J’ai eu la chance d’aller avant-hier découvrir l’exposition consacrée à Doisneau au Musée Maillol. Plusieurs centaines de photos y sont exposées, par grandes thématiques (l’enfance, les ateliers d’artistes, les écrivains, Renault, les troquets, etc..). Bien sûr, les photos sont pour un grand nombre d’entre elles très belles, formellement, mais ce n’est pas ce qui ressort, je dois dire, de l’exposition. Doisneau n’est pas un photographe qui structure autant sa toile photographique qu’un Cartier-Bresson, par exemple. Deux autres choses m’ont frappées, et c’est ce qui a rendu l’exposition passionnante, et saisissante.
Monde disparu
La première, c’est que le monde photographié par Doisneau a quasi-disparu.
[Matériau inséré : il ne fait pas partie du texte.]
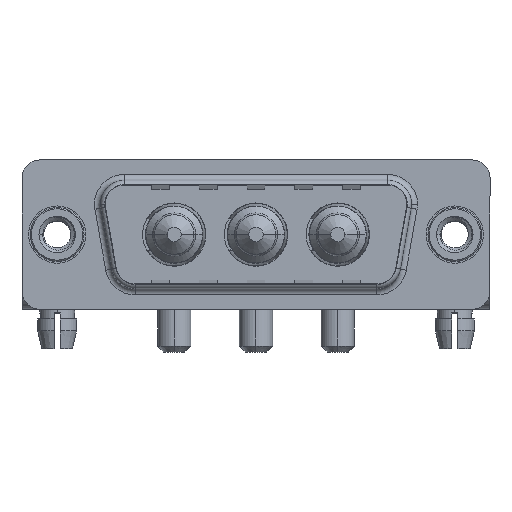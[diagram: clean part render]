
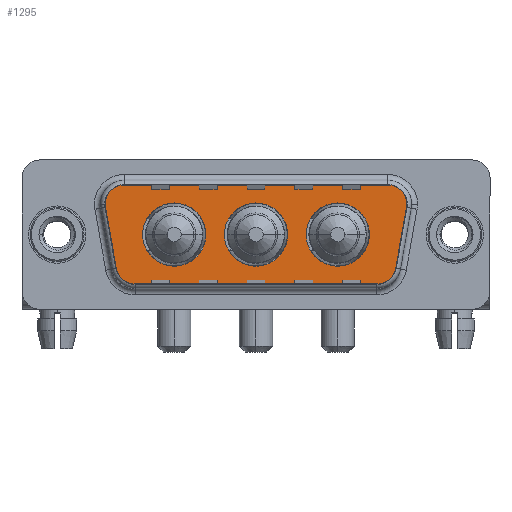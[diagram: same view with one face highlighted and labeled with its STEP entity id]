
A CAD part, top view. The second image highlights one B-rep face of the part: STEP entity #1295.
In plain terms, the highlighted planar face has unit normal (0, 0, 1).
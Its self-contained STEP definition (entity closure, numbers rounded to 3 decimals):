
#25 = CARTESIAN_POINT ( 'NONE',  ( 16.65, 0., 0. ) ) ;
#291 = EDGE_CURVE ( 'NONE', #10454, #2495, #16061, .T. ) ;
#347 = CARTESIAN_POINT ( 'NONE',  ( 6.434, -4.9, 0. ) ) ;
#354 = AXIS2_PLACEMENT_3D ( 'NONE', #16381, #8843, #12732 ) ;
#361 = ORIENTED_EDGE ( 'NONE', *, *, #12649, .F. ) ;
#365 = DIRECTION ( 'NONE',  ( 0., 0., 1. ) ) ;
#787 = EDGE_CURVE ( 'NONE', #8577, #9020, #1742, .T. ) ;
#813 = VERTEX_POINT ( 'NONE', #8418 ) ;
#886 = VECTOR ( 'NONE', #14248, 1000. ) ;
#904 = ORIENTED_EDGE ( 'NONE', *, *, #787, .F. ) ;
#996 = CARTESIAN_POINT ( 'NONE',  ( 20.85, 0., 0. ) ) ;
#1001 = EDGE_CURVE ( 'NONE', #10984, #4858, #6460, .T. ) ;
#1295 = ADVANCED_FACE ( 'NONE', ( #8372, #13432, #10673, #11009 ), #12173, .T. ) ;
#1334 = ORIENTED_EDGE ( 'NONE', *, *, #7241, .T. ) ;
#1361 = EDGE_LOOP ( 'NONE', ( #12641, #6071 ) ) ;
#1588 = DIRECTION ( 'NONE',  ( 1., 0., 0. ) ) ;
#1598 = EDGE_CURVE ( 'NONE', #8061, #10204, #2531, .T. ) ;
#1630 = AXIS2_PLACEMENT_3D ( 'NONE', #9025, #2726, #5218 ) ;
#1733 = EDGE_CURVE ( 'NONE', #2495, #813, #12347, .T. ) ;
#1742 = CIRCLE ( 'NONE', #10487, 2.65 ) ;
#2011 = CARTESIAN_POINT ( 'NONE',  ( 16.65, 0., 0. ) ) ;
#2031 = ORIENTED_EDGE ( 'NONE', *, *, #2099, .T. ) ;
#2041 = CARTESIAN_POINT ( 'NONE',  ( 4.464, -3.247, 0. ) ) ;
#2099 = EDGE_CURVE ( 'NONE', #9929, #3950, #12964, .T. ) ;
#2260 = AXIS2_PLACEMENT_3D ( 'NONE', #14749, #7188, #12345 ) ;
#2273 = CARTESIAN_POINT ( 'NONE',  ( 6.434, -4.9, 0. ) ) ;
#2330 = CARTESIAN_POINT ( 'NONE',  ( 28.836, -3.247, 0. ) ) ;
#2426 = CARTESIAN_POINT ( 'NONE',  ( 9.8, 0., 0. ) ) ;
#2495 = VERTEX_POINT ( 'NONE', #6101 ) ;
#2531 = CIRCLE ( 'NONE', #7840, 2.65 ) ;
#2726 = DIRECTION ( 'NONE',  ( 0., 0., 1. ) ) ;
#2734 = AXIS2_PLACEMENT_3D ( 'NONE', #11542, #14205, #2836 ) ;
#2836 = DIRECTION ( 'NONE',  ( 1., 0., 0. ) ) ;
#2881 = VERTEX_POINT ( 'NONE', #8493 ) ;
#2937 = ORIENTED_EDGE ( 'NONE', *, *, #291, .T. ) ;
#3057 = CARTESIAN_POINT ( 'NONE',  ( 3.441, 2.553, 0. ) ) ;
#3235 = CIRCLE ( 'NONE', #3778, 2. ) ;
#3518 = DIRECTION ( 'NONE',  ( 1., 0., 0. ) ) ;
#3778 = AXIS2_PLACEMENT_3D ( 'NONE', #16079, #9937, #4727 ) ;
#3785 = CIRCLE ( 'NONE', #4849, 2.65 ) ;
#3950 = VERTEX_POINT ( 'NONE', #15620 ) ;
#4165 = EDGE_LOOP ( 'NONE', ( #11162, #361 ) ) ;
#4307 = CIRCLE ( 'NONE', #1630, 2. ) ;
#4325 = ORIENTED_EDGE ( 'NONE', *, *, #1001, .T. ) ;
#4352 = EDGE_CURVE ( 'NONE', #2881, #14790, #3785, .T. ) ;
#4597 = DIRECTION ( 'NONE',  ( 1., 0., 0. ) ) ;
#4727 = DIRECTION ( 'NONE',  ( -1., 0., 0. ) ) ;
#4849 = AXIS2_PLACEMENT_3D ( 'NONE', #2426, #6019, #3518 ) ;
#4858 = VERTEX_POINT ( 'NONE', #2041 ) ;
#5216 = ORIENTED_EDGE ( 'NONE', *, *, #5445, .T. ) ;
#5218 = DIRECTION ( 'NONE',  ( -1., 0., 0. ) ) ;
#5367 = CARTESIAN_POINT ( 'NONE',  ( 5.411, 4.9, 0. ) ) ;
#5445 = EDGE_CURVE ( 'NONE', #13622, #9863, #15732, .T. ) ;
#5452 = DIRECTION ( 'NONE',  ( 0., 0., 1. ) ) ;
#5498 = ORIENTED_EDGE ( 'NONE', *, *, #7018, .F. ) ;
#6019 = DIRECTION ( 'NONE',  ( 0., 0., 1. ) ) ;
#6071 = ORIENTED_EDGE ( 'NONE', *, *, #4352, .F. ) ;
#6101 = CARTESIAN_POINT ( 'NONE',  ( 29.859, 2.553, 0. ) ) ;
#6349 = ORIENTED_EDGE ( 'NONE', *, *, #13272, .T. ) ;
#6460 = LINE ( 'NONE', #3057, #7851 ) ;
#6604 = CARTESIAN_POINT ( 'NONE',  ( 26.15, 0., 0. ) ) ;
#6656 = CIRCLE ( 'NONE', #13007, 2.65 ) ;
#6772 = AXIS2_PLACEMENT_3D ( 'NONE', #7933, #365, #9007 ) ;
#6917 = DIRECTION ( 'NONE',  ( 1., 0., 0. ) ) ;
#7018 = EDGE_CURVE ( 'NONE', #9020, #8577, #8633, .T. ) ;
#7163 = DIRECTION ( 'NONE',  ( 0., 0., 1. ) ) ;
#7188 = DIRECTION ( 'NONE',  ( 0., 0., 1. ) ) ;
#7241 = EDGE_CURVE ( 'NONE', #9863, #10984, #11781, .T. ) ;
#7291 = AXIS2_PLACEMENT_3D ( 'NONE', #8024, #5452, #7862 ) ;
#7433 = VECTOR ( 'NONE', #1588, 1000. ) ;
#7840 = AXIS2_PLACEMENT_3D ( 'NONE', #25, #12502, #15312 ) ;
#7851 = VECTOR ( 'NONE', #14584, 1000. ) ;
#7862 = DIRECTION ( 'NONE',  ( 1., 0., 0. ) ) ;
#7933 = CARTESIAN_POINT ( 'NONE',  ( 27.889, 2.9, 0. ) ) ;
#8024 = CARTESIAN_POINT ( 'NONE',  ( 26.866, -2.9, 0. ) ) ;
#8061 = VERTEX_POINT ( 'NONE', #8235 ) ;
#8235 = CARTESIAN_POINT ( 'NONE',  ( 19.3, 0., 0. ) ) ;
#8289 = DIRECTION ( 'NONE',  ( 1., 0., 0. ) ) ;
#8360 = CARTESIAN_POINT ( 'NONE',  ( 29.859, 2.553, 0. ) ) ;
#8372 = FACE_BOUND ( 'NONE', #4165, .T. ) ;
#8389 = ORIENTED_EDGE ( 'NONE', *, *, #1733, .T. ) ;
#8418 = CARTESIAN_POINT ( 'NONE',  ( 29.889, 2.9, 0. ) ) ;
#8493 = CARTESIAN_POINT ( 'NONE',  ( 7.15, 0., 0. ) ) ;
#8577 = VERTEX_POINT ( 'NONE', #6604 ) ;
#8586 = EDGE_CURVE ( 'NONE', #3950, #10454, #14440, .T. ) ;
#8633 = CIRCLE ( 'NONE', #2260, 2.65 ) ;
#8843 = DIRECTION ( 'NONE',  ( 0., 0., 1. ) ) ;
#9007 = DIRECTION ( 'NONE',  ( -1., 0., 0. ) ) ;
#9020 = VERTEX_POINT ( 'NONE', #996 ) ;
#9025 = CARTESIAN_POINT ( 'NONE',  ( 6.434, -2.9, 0. ) ) ;
#9443 = DIRECTION ( 'NONE',  ( 0., 0., 1. ) ) ;
#9811 = CARTESIAN_POINT ( 'NONE',  ( 23.5, 0., 0. ) ) ;
#9863 = VERTEX_POINT ( 'NONE', #5367 ) ;
#9929 = VERTEX_POINT ( 'NONE', #2273 ) ;
#9937 = DIRECTION ( 'NONE',  ( 0., 0., 1. ) ) ;
#10192 = CARTESIAN_POINT ( 'NONE',  ( 12.45, 0., 0. ) ) ;
#10204 = VERTEX_POINT ( 'NONE', #11792 ) ;
#10333 = CARTESIAN_POINT ( 'NONE',  ( 3.441, 2.553, 0. ) ) ;
#10453 = AXIS2_PLACEMENT_3D ( 'NONE', #10756, #9443, #8289 ) ;
#10454 = VERTEX_POINT ( 'NONE', #2330 ) ;
#10487 = AXIS2_PLACEMENT_3D ( 'NONE', #9811, #7163, #6917 ) ;
#10673 = FACE_BOUND ( 'NONE', #1361, .T. ) ;
#10756 = CARTESIAN_POINT ( 'NONE',  ( 26.866, -2.9, 0. ) ) ;
#10984 = VERTEX_POINT ( 'NONE', #10333 ) ;
#11009 = FACE_OUTER_BOUND ( 'NONE', #13747, .T. ) ;
#11049 = VECTOR ( 'NONE', #15886, 1000. ) ;
#11162 = ORIENTED_EDGE ( 'NONE', *, *, #1598, .F. ) ;
#11542 = CARTESIAN_POINT ( 'NONE',  ( 9.8, 0., 0. ) ) ;
#11781 = CIRCLE ( 'NONE', #354, 2. ) ;
#11792 = CARTESIAN_POINT ( 'NONE',  ( 14., 0., 0. ) ) ;
#12132 = ORIENTED_EDGE ( 'NONE', *, *, #8586, .T. ) ;
#12173 = PLANE ( 'NONE',  #10453 ) ;
#12276 = CIRCLE ( 'NONE', #2734, 2.65 ) ;
#12345 = DIRECTION ( 'NONE',  ( 1., 0., 0. ) ) ;
#12347 = CIRCLE ( 'NONE', #6772, 2. ) ;
#12502 = DIRECTION ( 'NONE',  ( 0., 0., 1. ) ) ;
#12641 = ORIENTED_EDGE ( 'NONE', *, *, #15637, .F. ) ;
#12649 = EDGE_CURVE ( 'NONE', #10204, #8061, #6656, .T. ) ;
#12732 = DIRECTION ( 'NONE',  ( 1., 0., 0. ) ) ;
#12964 = LINE ( 'NONE', #347, #7433 ) ;
#13007 = AXIS2_PLACEMENT_3D ( 'NONE', #2011, #15701, #4597 ) ;
#13272 = EDGE_CURVE ( 'NONE', #4858, #9929, #4307, .T. ) ;
#13432 = FACE_BOUND ( 'NONE', #14786, .T. ) ;
#13622 = VERTEX_POINT ( 'NONE', #13974 ) ;
#13747 = EDGE_LOOP ( 'NONE', ( #12132, #2937, #8389, #14998, #5216, #1334, #4325, #6349, #2031 ) ) ;
#13974 = CARTESIAN_POINT ( 'NONE',  ( 27.889, 4.9, 0. ) ) ;
#14205 = DIRECTION ( 'NONE',  ( 0., 0., 1. ) ) ;
#14248 = DIRECTION ( 'NONE',  ( -1., 0., 0. ) ) ;
#14440 = CIRCLE ( 'NONE', #7291, 2. ) ;
#14584 = DIRECTION ( 'NONE',  ( 0.174, -0.985, 0. ) ) ;
#14749 = CARTESIAN_POINT ( 'NONE',  ( 23.5, 0., 0. ) ) ;
#14786 = EDGE_LOOP ( 'NONE', ( #904, #5498 ) ) ;
#14790 = VERTEX_POINT ( 'NONE', #10192 ) ;
#14998 = ORIENTED_EDGE ( 'NONE', *, *, #15116, .T. ) ;
#15116 = EDGE_CURVE ( 'NONE', #813, #13622, #3235, .T. ) ;
#15312 = DIRECTION ( 'NONE',  ( 1., 0., 0. ) ) ;
#15492 = CARTESIAN_POINT ( 'NONE',  ( 5.411, 4.9, 0. ) ) ;
#15620 = CARTESIAN_POINT ( 'NONE',  ( 26.866, -4.9, 0. ) ) ;
#15637 = EDGE_CURVE ( 'NONE', #14790, #2881, #12276, .T. ) ;
#15701 = DIRECTION ( 'NONE',  ( 0., 0., 1. ) ) ;
#15732 = LINE ( 'NONE', #15492, #886 ) ;
#15886 = DIRECTION ( 'NONE',  ( 0.174, 0.985, 0. ) ) ;
#16061 = LINE ( 'NONE', #8360, #11049 ) ;
#16079 = CARTESIAN_POINT ( 'NONE',  ( 27.889, 2.9, 0. ) ) ;
#16381 = CARTESIAN_POINT ( 'NONE',  ( 5.411, 2.9, 0. ) ) ;

C’est logique, d’ailleurs, puisque cet homme était à peu près de la génération de mes grands-parents : les premières photos de l’expo, datant d’avant la seconde guerre mondiale, montrent un monde dans lequel mes propres parents n’étaient pas encore nés. Mais au fil de l’expo et des thèmes, on arrive dans le monde où je suis né (en 1974), et ce monde là aussi a disparu. Les décors, les voitures, les habits, les attitudes, tout semble venir d’un passé très lointain. Il est vrai que je ne suis plus tout jeune. Mais la technologie, le grand remplacement, le fait que chacun maintenant ait un appareil photo dans sa poche a changé le monde, notre regard sur celui-ci et notre regard aussi sur ceux qui capturent des images. Même les photos des années 80 semblent vraiment tiré d’un monde très ancien. J’imagine que c’est le propre des photos que de montrer et faire ressentir le temps qui passe et les choses qui ne seront plus jamais les mêmes…
Regard tendre
L’autre point très marquant des photos de Doisneau c’est le regard incroyable qu’il pose sur les gens qu’il photographie. Les sujets sont parfois difficiles, mais on sent, et on voit, qu’il a la confiance des gens qu’il a immortalisé, et toujours la photo montre leur dignité et leur humanité. Souvent avec tendresse et humour. C’est assez incroyable, et je pense que ça dit beaucoup de la relation qu’il devait tisser avec eux avant de les photographier. Ce monde étrange et poétique des banlieues en pleine construction avec leurs terrains vagues, des bistrots de quartier, des cercles d’artistes et d’auteurs, de gueules cassées, de pauvres gens, ce monde de la haute société aussi quand il travaillait pour Vogue, est un monde profondément humain, plutôt joyeux, jamais misérabiliste, parce que visiblement Doisneau n’a jamais regardé quelqu’un avec pitié mais toujours avec respect, en cherchant à montrer la dignité et l’étrangeté de ses congénères. Chapeau le journaliste reporter photographe.